A formal complaint regarding the proposed stadium for downtown Boise was recently filed with the Ada County Prosecutor's Office by the group Concerned Boise Taxpayers. They point to emails suggesting violations of Idaho’s open meeting law.
At the heart of the matter is something called a quorum.
Betsy Russel, a Spokesman Reivew reporter and president of the Idaho Press Club, defines a quorum as, “essentially a majority of a governing body that has to be present in order for them to conduct business.” Russell also heads the group Idahoans for Openness in Government and is versed in the state’s rules about public meetings.
Concerned Boise Taxpayers alleges the Greater Boise Auditorium District, Capital City Development Corporation and the city are making decisions about the proposed downtown stadium behind closed doors.
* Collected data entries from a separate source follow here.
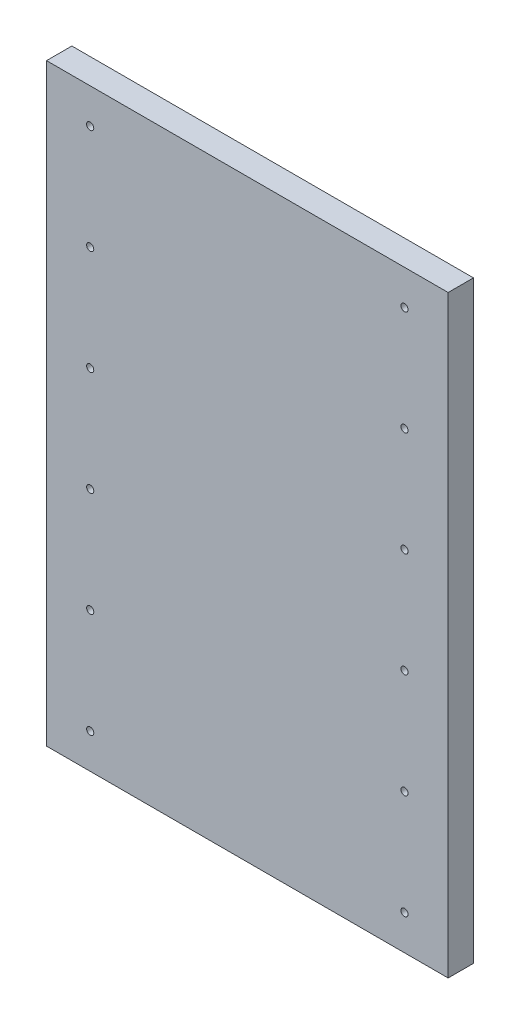
SolidWorks part; units mm, degrees
ref_plane "Plan de face" through (0, 0, 0) normal (0, 0, 1) x (1, 0, 0)
ref_plane "Plan de dessus" through (0, 0, 0) normal (0, 1, 0) x (1, 0, 0)
ref_plane "Plan de droite" through (0, 0, 0) normal (1, 0, 0) x (0, 0, -1)
sketch "Esquisse1" plane through (0, 0, 0) normal (0, 0, 1) x (1, 0, 0)
  line L1 (0, 0) -> (230, 0)
  line L2 (0, 0) -> (0, 340)
  line L3 (0, 340) -> (230, 340)
  line L4 (230, 0) -> (230, 340)
  dimension "D1" = 230
  dimension "D2" = 340
extrude "Boss.-Extru.1" add sketch "Esquisse1" along normal blind 14.5
sketch "Esquisse2" plane through (0, 0, 14.5) normal (0, 0, 1) x (1, 0, 0)
  line L0 (115, 0) -> (115, 340) construction
  line L1 (0, 0) -> (230, 0) construction
  line L2 (230, 340) -> (0, 340) construction
  line L3 (25, 0) -> (25, 340) construction
  line L4 (205, 0) -> (205, 340) construction
  circle A0 centre (25, 20) radius 2.05
  circle A1 centre (25, 80) radius 2.05
  circle A2 centre (25, 140) radius 2.05
  circle A3 centre (25, 200) radius 2.05
  circle A4 centre (25, 260) radius 2.05
  circle A5 centre (25, 320) radius 2.05
  circle A6 centre (205, 320) radius 2.05
  circle A7 centre (205, 260) radius 2.05
  circle A8 centre (205, 200) radius 2.05
  circle A9 centre (205, 140) radius 2.05
  circle A10 centre (205, 80) radius 2.05
  circle A11 centre (205, 20) radius 2.05
  point P10 (20, 92.5518)
  dimension "D1" = 4.1
  dimension "D4" = 20
  dimension "D5" = 60
  dimension "D3" = 90
  dimension "D2" = 6
extrude "Enlèv. mat.-Extru.1" cut sketch "Esquisse2" against normal through all both and the other way through all

Development blogger Don Day reports an email chain from GBAD Executive Director Pat Rice planned private meetings between the developer of the stadium and GBAD board members in a way skirting Idaho's open meeting laws.
When Russell read the complaint by Concerned Boise Taxpayers, she thought it sounded like the public entity employed a tactic called a “serial meeting.”
According to Russell, that’s “when a governmental board takes steps to try to avoid having a quorum with the idea that if just a couple members meet with somebody, and then that same person meets with a couple other members. ‘Oh, we won’t have a quorum and that way we won’t have to open the meeting.’ That actually violates the open meeting law.”
GBAD's executive director says his organization didn't break the law because no decision-making or deliberations took place. He claims the meetings with the developer of the stadium were only a meet and greet for board members.
The Ada County Prosecutor's office is referring the case to the sheriff's office for further investigation.